ゼッケン番号は大体が31 - 60番となっており、その内31 - 58番までが通年エントリーを行ったドライバー及びチームで、59・60番は、開催地域から選出される地元枠である。なお、このゼッケン番号はジュニア世界ラリー選手権でも適用された。
開催地域は、全12 - 16戦程度で行われる世界ラリー選手権のうち、約半数の6 - 8箇所で、その内、1、2のイベントをスキップする(参戦しない)。この数はその年のPWRCの開催数により変動する。ヨーロッパ外イベントが大半を占めていたが、これはジュニア世界ラリー選手権(JWRC)が主にヨーロッパ内で行われるイベントであり、出来るだけそれと重ならないようにするためであった。なお2008年のラリー・フィンランドではJWRCと同時開催となったため、ゼッケン番号が重複しない様に+100番となっていた。
車両について
編集ラリーに用いる車両は、年間2,500台以上生産された市販車で、FIAの"グループN"公認を取得したものをベースとしており、PWRCでは排気量2,000 cc以上の「N4クラス」で総合優勝が争われる。 このグループNという規定は、市販車をベースとしている点ではWRCのWRカーと同じだが、改造範囲が厳しく制限されている。ロールケージ等の安全対策やサスペンションの交換等、改造を最小限に抑えており、FIAの車両規定で最も市販車に近い。そのためベースとなる市販車のポテンシャルがそのまま影響し、車両そのものの高性能さが要求される。また参戦車両の種類を増やすために、特例として00年代半ばから年間1,000台以上生産された市販車でも、FIAの公認を取得してベース車とすることができ、さらにLSDの追加やブレーキの強化も可能となるなど、改造範囲が拡大された。これは後述するスーパー2000との性能差を埋める事と、安全性強化のためである。
グループNは高性能四輪駆動車を数多く売れる市場である日本の三菱・スバルが圧倒的に有利で、ほとんどのドライバーが三菱・ランサーエボリューションとスバル・インプレッサを用いた。初期は三菱が28連勝を記録するなど圧倒的な戦績を収めていたが、スバルが2003年から本格参戦を開始するとスバルの方が一時は優位となった。また初期には、三菱と資本提携していたマレーシアのプロトンが、ランサーエボリューションⅥをベースとしたパートで参戦し、2002年にチャンピオンを獲得している。

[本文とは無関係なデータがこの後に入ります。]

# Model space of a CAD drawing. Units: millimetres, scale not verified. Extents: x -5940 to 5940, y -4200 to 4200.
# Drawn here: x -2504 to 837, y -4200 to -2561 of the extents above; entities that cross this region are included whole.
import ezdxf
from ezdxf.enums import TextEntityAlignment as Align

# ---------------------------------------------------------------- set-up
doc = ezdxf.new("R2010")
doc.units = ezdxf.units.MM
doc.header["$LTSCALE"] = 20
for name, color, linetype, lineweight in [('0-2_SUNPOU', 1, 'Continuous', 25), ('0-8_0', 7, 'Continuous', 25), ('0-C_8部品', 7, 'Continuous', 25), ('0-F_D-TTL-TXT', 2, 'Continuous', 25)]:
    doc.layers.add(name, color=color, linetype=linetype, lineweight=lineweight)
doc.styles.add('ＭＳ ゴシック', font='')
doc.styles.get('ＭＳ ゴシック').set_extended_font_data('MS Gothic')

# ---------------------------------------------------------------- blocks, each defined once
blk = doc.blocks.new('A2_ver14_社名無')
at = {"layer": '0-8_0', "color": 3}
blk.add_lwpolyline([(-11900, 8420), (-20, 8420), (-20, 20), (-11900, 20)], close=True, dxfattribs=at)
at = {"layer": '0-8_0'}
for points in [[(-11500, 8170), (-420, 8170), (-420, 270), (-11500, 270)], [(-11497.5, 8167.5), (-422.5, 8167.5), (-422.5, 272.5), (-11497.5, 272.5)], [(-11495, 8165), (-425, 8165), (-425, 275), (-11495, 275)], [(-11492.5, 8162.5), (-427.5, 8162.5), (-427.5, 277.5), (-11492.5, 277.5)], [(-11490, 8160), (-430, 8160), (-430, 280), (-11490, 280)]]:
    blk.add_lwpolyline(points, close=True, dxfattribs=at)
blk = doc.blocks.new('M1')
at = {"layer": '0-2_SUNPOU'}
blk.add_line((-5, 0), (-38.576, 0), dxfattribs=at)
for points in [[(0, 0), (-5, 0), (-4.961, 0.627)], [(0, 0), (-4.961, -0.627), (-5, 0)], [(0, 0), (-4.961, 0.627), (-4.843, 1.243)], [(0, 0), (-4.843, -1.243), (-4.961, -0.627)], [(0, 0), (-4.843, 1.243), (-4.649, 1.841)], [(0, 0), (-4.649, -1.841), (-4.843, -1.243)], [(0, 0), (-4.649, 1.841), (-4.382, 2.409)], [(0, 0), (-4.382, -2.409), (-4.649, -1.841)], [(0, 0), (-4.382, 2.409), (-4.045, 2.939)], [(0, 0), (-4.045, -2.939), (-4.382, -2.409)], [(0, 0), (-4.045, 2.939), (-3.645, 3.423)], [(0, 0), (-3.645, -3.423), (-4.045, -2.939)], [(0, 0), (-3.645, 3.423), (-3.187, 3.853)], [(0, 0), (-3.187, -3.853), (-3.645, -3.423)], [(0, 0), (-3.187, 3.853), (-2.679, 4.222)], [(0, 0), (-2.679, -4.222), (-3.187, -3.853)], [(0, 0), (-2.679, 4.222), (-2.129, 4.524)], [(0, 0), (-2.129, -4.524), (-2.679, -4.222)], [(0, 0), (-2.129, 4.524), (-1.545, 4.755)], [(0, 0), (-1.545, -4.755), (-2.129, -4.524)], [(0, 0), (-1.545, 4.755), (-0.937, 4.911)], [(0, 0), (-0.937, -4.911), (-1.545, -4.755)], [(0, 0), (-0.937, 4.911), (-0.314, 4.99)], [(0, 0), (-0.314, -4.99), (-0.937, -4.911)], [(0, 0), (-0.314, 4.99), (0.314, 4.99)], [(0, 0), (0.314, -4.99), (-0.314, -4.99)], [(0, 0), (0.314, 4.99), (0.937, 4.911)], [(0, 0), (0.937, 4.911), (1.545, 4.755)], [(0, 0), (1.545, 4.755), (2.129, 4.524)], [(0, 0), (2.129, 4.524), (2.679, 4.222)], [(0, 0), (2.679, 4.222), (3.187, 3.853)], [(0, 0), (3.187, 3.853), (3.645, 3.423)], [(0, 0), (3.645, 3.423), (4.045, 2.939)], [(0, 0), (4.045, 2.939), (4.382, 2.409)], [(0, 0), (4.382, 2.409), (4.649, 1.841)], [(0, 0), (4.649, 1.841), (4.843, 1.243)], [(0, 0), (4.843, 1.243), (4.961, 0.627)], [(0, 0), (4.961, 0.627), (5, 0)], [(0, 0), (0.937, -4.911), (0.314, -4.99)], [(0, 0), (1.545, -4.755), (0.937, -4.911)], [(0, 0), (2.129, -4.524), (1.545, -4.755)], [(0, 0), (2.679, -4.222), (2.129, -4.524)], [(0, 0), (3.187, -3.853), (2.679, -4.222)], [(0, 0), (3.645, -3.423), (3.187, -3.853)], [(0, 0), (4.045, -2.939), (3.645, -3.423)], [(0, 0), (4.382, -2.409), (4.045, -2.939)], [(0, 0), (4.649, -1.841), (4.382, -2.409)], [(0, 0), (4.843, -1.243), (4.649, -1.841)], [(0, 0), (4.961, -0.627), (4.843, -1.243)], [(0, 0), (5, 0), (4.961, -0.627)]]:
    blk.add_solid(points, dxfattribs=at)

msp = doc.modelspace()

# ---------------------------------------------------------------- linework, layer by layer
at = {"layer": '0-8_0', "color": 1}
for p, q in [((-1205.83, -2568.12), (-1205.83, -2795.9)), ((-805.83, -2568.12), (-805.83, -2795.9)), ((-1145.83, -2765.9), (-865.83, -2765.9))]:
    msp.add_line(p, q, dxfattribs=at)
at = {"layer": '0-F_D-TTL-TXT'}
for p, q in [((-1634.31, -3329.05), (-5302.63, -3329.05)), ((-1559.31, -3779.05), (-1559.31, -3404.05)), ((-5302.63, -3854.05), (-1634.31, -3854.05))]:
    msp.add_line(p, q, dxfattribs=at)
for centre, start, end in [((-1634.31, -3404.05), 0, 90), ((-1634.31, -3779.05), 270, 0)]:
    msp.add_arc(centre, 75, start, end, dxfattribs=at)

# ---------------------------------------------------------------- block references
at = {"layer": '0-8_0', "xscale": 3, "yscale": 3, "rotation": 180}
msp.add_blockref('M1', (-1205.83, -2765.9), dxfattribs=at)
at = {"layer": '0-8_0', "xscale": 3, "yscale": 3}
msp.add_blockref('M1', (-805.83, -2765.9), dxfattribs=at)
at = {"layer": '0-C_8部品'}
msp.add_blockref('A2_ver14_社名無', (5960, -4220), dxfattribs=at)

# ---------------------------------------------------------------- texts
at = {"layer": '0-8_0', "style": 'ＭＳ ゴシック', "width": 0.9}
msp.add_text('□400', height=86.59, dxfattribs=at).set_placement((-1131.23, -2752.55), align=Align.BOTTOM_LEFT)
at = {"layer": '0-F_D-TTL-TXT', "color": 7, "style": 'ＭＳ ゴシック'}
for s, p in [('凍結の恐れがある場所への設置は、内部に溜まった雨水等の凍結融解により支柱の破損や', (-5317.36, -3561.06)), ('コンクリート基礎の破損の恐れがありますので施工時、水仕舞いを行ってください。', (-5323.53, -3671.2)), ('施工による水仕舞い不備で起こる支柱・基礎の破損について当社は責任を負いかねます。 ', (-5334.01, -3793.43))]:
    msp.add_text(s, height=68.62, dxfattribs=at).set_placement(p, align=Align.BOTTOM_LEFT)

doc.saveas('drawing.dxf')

2007年からは、FIAが新しく設定した新カテゴリであるスーパー2000の出場(後にポイント加算も)が認められた。
2010年からは、スーパー2000車両を対象にしたS2000世界ラリー選手権(SWRC)が創設されたため、PWRCは再びグループN車両のみによって戦われることになった。
2011年にはJWRCがワンメイク化されたことに伴い、2WDのグループR(R1〜R3)規定がPWRCに参戦可能となり、賞典(プロダクションカーカップ・フォー・2WD)も別に設けられた。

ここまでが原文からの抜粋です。